╭──

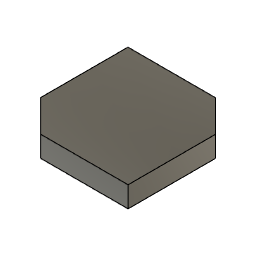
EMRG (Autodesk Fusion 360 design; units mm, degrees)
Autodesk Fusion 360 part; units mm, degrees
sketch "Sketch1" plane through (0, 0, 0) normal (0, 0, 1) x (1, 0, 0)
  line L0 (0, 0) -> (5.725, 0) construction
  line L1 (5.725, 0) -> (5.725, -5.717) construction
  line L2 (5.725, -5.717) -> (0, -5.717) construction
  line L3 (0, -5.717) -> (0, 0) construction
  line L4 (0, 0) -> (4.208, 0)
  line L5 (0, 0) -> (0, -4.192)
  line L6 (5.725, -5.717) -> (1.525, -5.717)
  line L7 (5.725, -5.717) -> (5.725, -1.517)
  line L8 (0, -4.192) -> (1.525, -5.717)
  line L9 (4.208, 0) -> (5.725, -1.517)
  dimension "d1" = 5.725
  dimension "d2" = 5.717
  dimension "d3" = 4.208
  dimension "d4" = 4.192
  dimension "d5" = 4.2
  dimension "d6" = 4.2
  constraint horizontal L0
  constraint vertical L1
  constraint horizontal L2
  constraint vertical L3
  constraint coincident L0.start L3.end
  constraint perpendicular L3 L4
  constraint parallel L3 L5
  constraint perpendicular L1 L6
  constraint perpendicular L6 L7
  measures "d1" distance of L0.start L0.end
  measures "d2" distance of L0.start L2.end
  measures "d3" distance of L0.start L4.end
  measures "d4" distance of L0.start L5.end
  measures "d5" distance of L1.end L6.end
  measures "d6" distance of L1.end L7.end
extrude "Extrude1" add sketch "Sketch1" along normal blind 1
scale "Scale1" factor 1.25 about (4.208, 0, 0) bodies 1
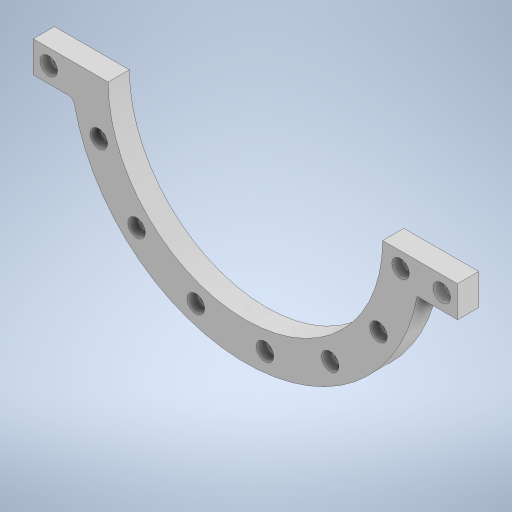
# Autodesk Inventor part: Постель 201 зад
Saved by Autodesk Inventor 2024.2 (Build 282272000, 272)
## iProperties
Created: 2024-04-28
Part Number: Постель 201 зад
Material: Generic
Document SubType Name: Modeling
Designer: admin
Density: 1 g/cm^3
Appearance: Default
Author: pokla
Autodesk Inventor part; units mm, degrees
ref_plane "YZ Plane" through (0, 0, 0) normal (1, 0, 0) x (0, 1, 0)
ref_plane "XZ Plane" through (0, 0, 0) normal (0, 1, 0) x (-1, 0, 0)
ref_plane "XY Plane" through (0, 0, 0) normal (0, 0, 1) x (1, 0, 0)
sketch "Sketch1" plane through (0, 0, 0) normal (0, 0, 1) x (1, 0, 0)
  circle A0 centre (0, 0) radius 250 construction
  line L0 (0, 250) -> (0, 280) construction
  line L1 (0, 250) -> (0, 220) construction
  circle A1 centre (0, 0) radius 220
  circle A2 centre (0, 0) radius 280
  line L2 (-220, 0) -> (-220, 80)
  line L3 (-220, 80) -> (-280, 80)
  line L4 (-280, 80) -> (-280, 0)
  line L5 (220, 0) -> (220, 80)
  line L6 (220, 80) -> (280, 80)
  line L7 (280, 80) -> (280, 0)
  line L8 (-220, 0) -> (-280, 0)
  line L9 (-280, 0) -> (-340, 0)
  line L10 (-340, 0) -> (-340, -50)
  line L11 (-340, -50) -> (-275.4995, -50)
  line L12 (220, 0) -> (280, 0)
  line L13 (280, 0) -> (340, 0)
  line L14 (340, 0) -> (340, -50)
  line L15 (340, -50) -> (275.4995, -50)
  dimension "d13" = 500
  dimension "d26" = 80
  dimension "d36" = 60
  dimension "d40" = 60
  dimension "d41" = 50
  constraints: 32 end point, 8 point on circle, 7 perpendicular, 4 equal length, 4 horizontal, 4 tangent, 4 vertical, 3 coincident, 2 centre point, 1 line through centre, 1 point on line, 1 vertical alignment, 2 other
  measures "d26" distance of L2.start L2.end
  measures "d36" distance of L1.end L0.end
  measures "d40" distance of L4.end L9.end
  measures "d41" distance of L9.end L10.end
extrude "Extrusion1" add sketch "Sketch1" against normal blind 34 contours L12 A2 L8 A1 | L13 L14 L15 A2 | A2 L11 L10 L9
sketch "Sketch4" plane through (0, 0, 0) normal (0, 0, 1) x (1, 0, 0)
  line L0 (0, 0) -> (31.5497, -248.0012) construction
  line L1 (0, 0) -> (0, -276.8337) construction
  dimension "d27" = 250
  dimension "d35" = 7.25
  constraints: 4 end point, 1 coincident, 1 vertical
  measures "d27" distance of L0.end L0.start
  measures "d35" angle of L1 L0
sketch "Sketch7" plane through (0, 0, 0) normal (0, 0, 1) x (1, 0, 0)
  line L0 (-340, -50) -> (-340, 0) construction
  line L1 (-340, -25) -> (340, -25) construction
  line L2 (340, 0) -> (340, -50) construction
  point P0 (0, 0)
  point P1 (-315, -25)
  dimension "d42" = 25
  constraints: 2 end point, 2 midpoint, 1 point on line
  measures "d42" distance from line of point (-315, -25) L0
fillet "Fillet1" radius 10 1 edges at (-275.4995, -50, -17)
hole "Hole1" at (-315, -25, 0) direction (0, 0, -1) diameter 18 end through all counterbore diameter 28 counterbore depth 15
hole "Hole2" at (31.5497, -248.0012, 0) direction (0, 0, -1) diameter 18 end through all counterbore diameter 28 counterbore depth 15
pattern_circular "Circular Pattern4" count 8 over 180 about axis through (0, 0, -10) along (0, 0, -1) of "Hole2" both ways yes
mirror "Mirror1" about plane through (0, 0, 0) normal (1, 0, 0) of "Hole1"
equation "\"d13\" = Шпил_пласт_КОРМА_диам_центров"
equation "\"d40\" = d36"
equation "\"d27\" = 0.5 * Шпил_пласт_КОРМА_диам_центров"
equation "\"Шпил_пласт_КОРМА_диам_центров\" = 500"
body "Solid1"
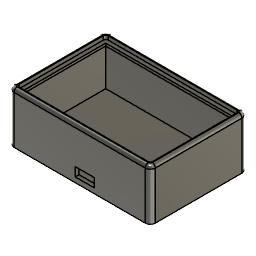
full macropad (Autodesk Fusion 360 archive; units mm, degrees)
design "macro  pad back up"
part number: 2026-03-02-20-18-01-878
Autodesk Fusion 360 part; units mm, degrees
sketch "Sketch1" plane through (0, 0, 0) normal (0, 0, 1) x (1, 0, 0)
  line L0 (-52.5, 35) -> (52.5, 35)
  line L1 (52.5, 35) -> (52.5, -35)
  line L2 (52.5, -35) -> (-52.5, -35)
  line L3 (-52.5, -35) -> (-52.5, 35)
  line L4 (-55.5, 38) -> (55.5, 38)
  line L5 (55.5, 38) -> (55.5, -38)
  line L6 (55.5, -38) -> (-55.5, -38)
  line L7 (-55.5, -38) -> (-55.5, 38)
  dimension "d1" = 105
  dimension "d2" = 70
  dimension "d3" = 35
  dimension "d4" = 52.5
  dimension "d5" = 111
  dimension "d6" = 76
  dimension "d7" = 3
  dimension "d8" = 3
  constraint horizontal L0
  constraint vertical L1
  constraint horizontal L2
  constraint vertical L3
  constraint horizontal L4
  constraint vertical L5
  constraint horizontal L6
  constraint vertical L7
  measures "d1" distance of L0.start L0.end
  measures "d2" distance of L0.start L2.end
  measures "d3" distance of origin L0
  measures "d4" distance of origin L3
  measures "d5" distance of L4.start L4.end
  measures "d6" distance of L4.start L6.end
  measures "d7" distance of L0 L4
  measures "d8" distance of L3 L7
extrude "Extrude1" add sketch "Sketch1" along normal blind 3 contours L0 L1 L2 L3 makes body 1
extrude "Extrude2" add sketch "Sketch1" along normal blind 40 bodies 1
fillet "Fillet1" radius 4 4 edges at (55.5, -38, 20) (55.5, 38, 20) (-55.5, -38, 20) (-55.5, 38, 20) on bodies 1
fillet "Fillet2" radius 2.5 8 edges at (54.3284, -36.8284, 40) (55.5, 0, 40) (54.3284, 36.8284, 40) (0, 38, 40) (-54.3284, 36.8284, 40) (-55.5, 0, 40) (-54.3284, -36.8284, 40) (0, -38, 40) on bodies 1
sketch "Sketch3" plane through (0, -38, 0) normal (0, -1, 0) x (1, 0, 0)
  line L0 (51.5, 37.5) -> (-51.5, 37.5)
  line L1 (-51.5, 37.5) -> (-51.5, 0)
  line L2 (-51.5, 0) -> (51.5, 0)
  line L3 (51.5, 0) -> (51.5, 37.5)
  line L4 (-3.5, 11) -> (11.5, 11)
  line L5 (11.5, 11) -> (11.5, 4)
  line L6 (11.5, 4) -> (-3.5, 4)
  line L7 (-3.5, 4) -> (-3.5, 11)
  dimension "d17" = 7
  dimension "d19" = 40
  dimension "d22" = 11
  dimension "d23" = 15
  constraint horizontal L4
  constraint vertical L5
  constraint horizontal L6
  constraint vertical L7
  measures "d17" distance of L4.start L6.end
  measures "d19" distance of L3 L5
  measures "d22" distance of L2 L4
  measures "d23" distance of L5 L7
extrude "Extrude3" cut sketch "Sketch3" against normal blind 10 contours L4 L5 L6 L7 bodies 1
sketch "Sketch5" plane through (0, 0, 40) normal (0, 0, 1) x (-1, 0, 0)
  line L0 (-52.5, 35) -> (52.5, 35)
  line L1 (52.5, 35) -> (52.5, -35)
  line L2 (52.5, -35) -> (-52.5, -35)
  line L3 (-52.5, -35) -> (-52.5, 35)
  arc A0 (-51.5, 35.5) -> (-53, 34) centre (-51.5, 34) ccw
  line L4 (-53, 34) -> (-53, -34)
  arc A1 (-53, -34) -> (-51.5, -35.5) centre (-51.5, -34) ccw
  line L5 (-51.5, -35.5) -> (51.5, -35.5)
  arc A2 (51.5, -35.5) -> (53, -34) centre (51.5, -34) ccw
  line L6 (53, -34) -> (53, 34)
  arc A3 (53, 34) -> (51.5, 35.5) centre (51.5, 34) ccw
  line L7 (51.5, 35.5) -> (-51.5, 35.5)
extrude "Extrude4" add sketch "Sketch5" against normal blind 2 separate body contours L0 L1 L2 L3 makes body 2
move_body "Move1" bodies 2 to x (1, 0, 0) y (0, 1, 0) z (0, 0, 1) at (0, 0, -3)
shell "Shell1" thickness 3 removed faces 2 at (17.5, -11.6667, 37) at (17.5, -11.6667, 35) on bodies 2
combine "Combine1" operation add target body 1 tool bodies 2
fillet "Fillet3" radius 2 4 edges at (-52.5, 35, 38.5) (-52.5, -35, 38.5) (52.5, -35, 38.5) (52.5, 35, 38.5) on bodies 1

╰──

Your answer should hold every line of the entries that contains the string "radius".

### TASK RESULT
  circle A0 centre (0, 0) radius 250 construction
  circle A1 centre (0, 0) radius 220
  circle A2 centre (0, 0) radius 280
fillet "Fillet1" radius 10 1 edges at (-275.4995, -50, -17)
fillet "Fillet1" radius 4 4 edges at (55.5, -38, 20) (55.5, 38, 20) (-55.5, -38, 20) (-55.5, 38, 20) on bodies 1
fillet "Fillet2" radius 2.5 8 edges at (54.3284, -36.8284, 40) (55.5, 0, 40) (54.3284, 36.8284, 40) (0, 38, 40) (-54.3284, 36.8284, 40) (-55.5, 0, 40) (-54.3284, -36.8284, 40) (0, -38, 40) on bodies 1
fillet "Fillet3" radius 2 4 edges at (-52.5, 35, 38.5) (-52.5, -35, 38.5) (52.5, -35, 38.5) (52.5, 35, 38.5) on bodies 1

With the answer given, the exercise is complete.